Landscape organizes everything within sight.

Friday, May 27, 2005

Sex and God II

A lot of personal correspondence has followed from my earlier posts about the Nerve moral values issue.

Two facets of the debate stick with me: 1) the church's need to speak to and value, not withdraw from/minimize/ignore, modern alienations and discords; and 2) that one part of that fight is to reach out to the healthy aspects of sexuality. S

To speak of twenty-somethings making fun of litugy as sexual: 1) Freud is right about the sexual content of our brains acting everywhere, and Christians submit to all forms of truth about the human condition; 2) laughter from outside does not mitigate the reality of the spirits' grace within; 3) the mocking is a sign of alienation among the cast-out in their 20s who feel like the church, like all forms of authority, is out to get them. Christians should comfort and encourage these people, not be shocked by them.

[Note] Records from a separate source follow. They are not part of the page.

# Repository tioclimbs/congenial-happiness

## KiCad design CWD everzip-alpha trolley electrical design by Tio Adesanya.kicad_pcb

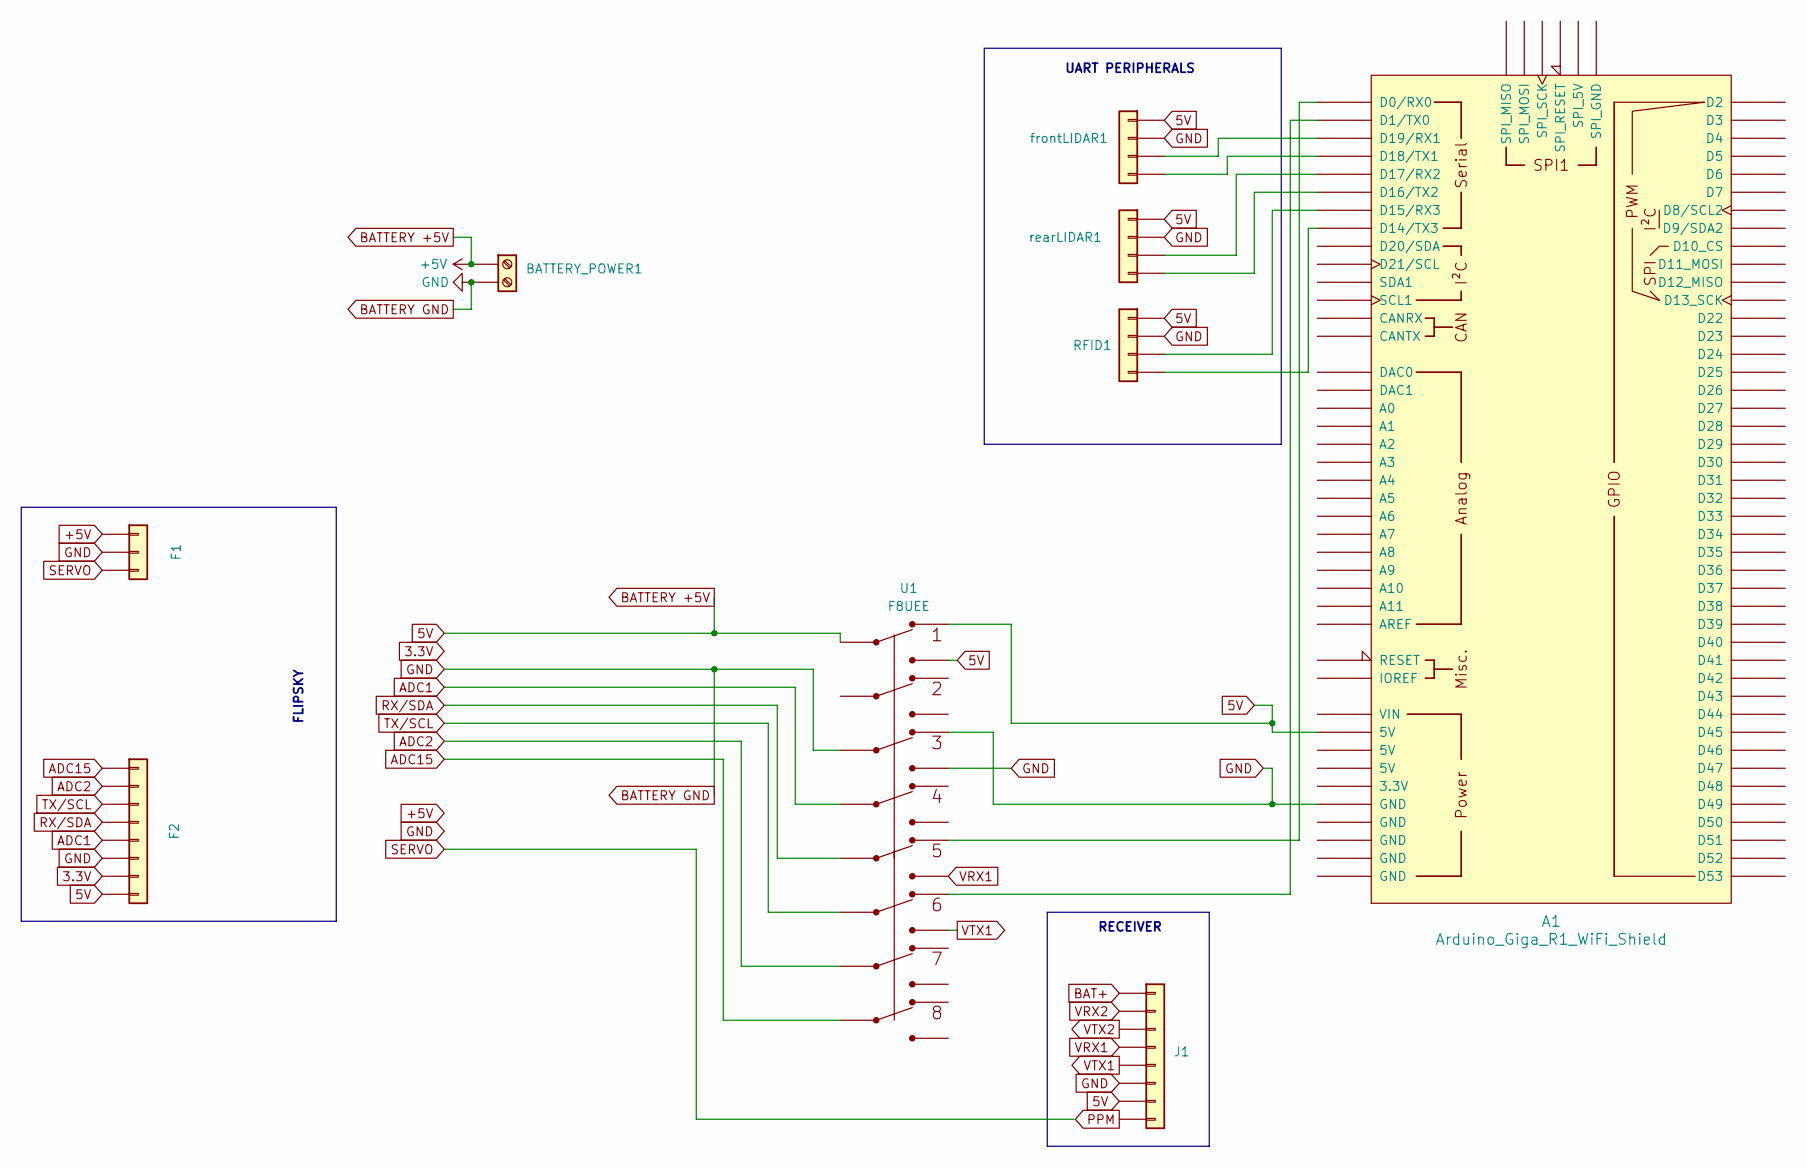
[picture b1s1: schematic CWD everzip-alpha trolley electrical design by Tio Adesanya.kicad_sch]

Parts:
A1: Arduino_Giga_R1_WiFi_Shield
BATTERY_POWER1: TerminalBlock_Phoenix_MKDS-1,5-2-5.08_1x02_P5.08mm_Horizont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
F1: PinHeader_1x03_P2.54mm_Vertical
F2: PinHeader_1x08_P2.54mm_Vertical
J1: PinHeader_1x08_P2.54mm_Vertical
RFID1: PinHeader_1x04_P2.54mm_Vertical
U1: F8UEE
frontLIDAR1: PinHeader_1x04_P2.54mm_Vertical
rearLIDAR1: PinHeader_1x04_P2.54mm_Vertical

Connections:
3.3V: F2.7
+5V: A1.5V1 (5V), BATTERY_POWER1.1, F1.1, F2.8, J1.7, RFID1.1, U1.1IN, U1.1OUT1, U1.1OUT2, frontLIDAR1.1, rearLIDAR1.1
ADC1: F2.5, U1.4IN
ADC2: F2.2, U1.7IN
ADC15: F2.1, U1.8IN
BAT+: J1.1
BATTERY GND: A1.GND1 (GND), BATTERY_POWER1.2, F1.2, F2.6, J1.6, RFID1.2, U1.3IN, U1.3OUT1, U1.3OUT2, frontLIDAR1.2, rearLIDAR1.2
unnamed: A1.D0 (D0/RX0), U1.5OUT1
unnamed: A1.D1 (D1/TX0), U1.6OUT1
unnamed: A1.D14 (D14/TX3), RFID1.4
unnamed: A1.D15 (D15/RX3), RFID1.3
unnamed: A1.D16 (D16/TX2), rearLIDAR1.4
unnamed: A1.D17 (D17/RX2), rearLIDAR1.3
unnamed: A1.D18 (D18/TX1), frontLIDAR1.4
unnamed: A1.D19 (D19/RX1), frontLIDAR1.3
PPM: J1.8
RX/SDA: F2.4, U1.5IN
SERVO: F1.3
TX/SCL: F2.3, U1.6IN
VRX1: J1.4, U1.5OUT2
VRX2: J1.2
VTX1: J1.5, U1.6OUT2
VTX2: J1.3

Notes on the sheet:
RECEIVER
FLIPSKY
UART PERIPHERALS

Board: 2 copper layers, 9 parts (0 on the bottom side), 17 nets, no tracks yet.

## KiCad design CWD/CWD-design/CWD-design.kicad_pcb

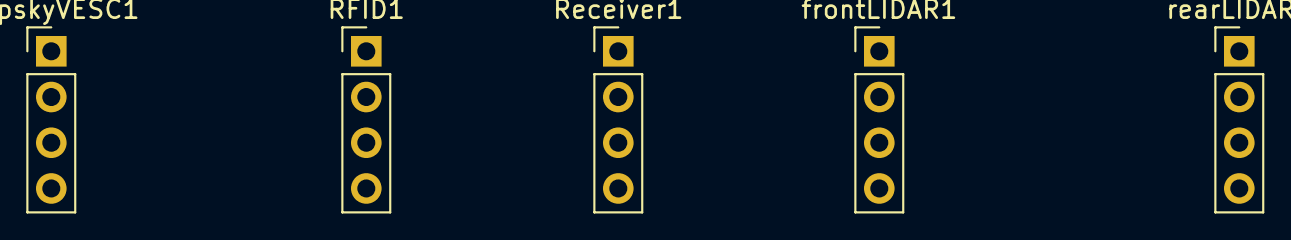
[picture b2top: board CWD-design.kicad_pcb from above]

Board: 2 copper layers, 5 parts (0 on the bottom side), 2 nets, no tracks yet.

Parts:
FlipskyVESC1: PinHeader_1x04_P2.54mm_Vertical
RFID1: PinHeader_1x04_P2.54mm_Vertical
Receiver1: PinHeader_1x04_P2.54mm_Vertical
frontLIDAR1: PinHeader_1x04_P2.54mm_Vertical
rearLIDAR1: PinHeader_1x04_P2.54mm_Vertical

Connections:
unnamed: RFID1.1, Receiver1.1, frontLIDAR1.1, rearLIDAR1.1
unnamed: RFID1.2, Receiver1.2, frontLIDAR1.2, rearLIDAR1.2

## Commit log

2025-07-29 Add files via upload
    initial commit
2025-07-30 Commit that works
    working commit

To speak to those taken aback by the allusions in certain blogs to the Christian textual history of sexual experiences with God: sexualizing the gospel is not an affront to God. When John Donne did it he testified to the gospel's ability to penetrate every facet of his personality. God cannot be denigrated by the human, any more than he is denigrated when the sinner or the sick turn to Him. That gospel can be read as a metaphor for intercourse is to dignify intercourse, not to delimit gospel.

1 Comments:

Anonymous Anonymous said...

The current cover article of Christianity Today, Sex in the Body of Christ, describes what actual conservative Christian college students do. It also describes chastity as a spiritual discipline, presenting it as desirable but evidently optional.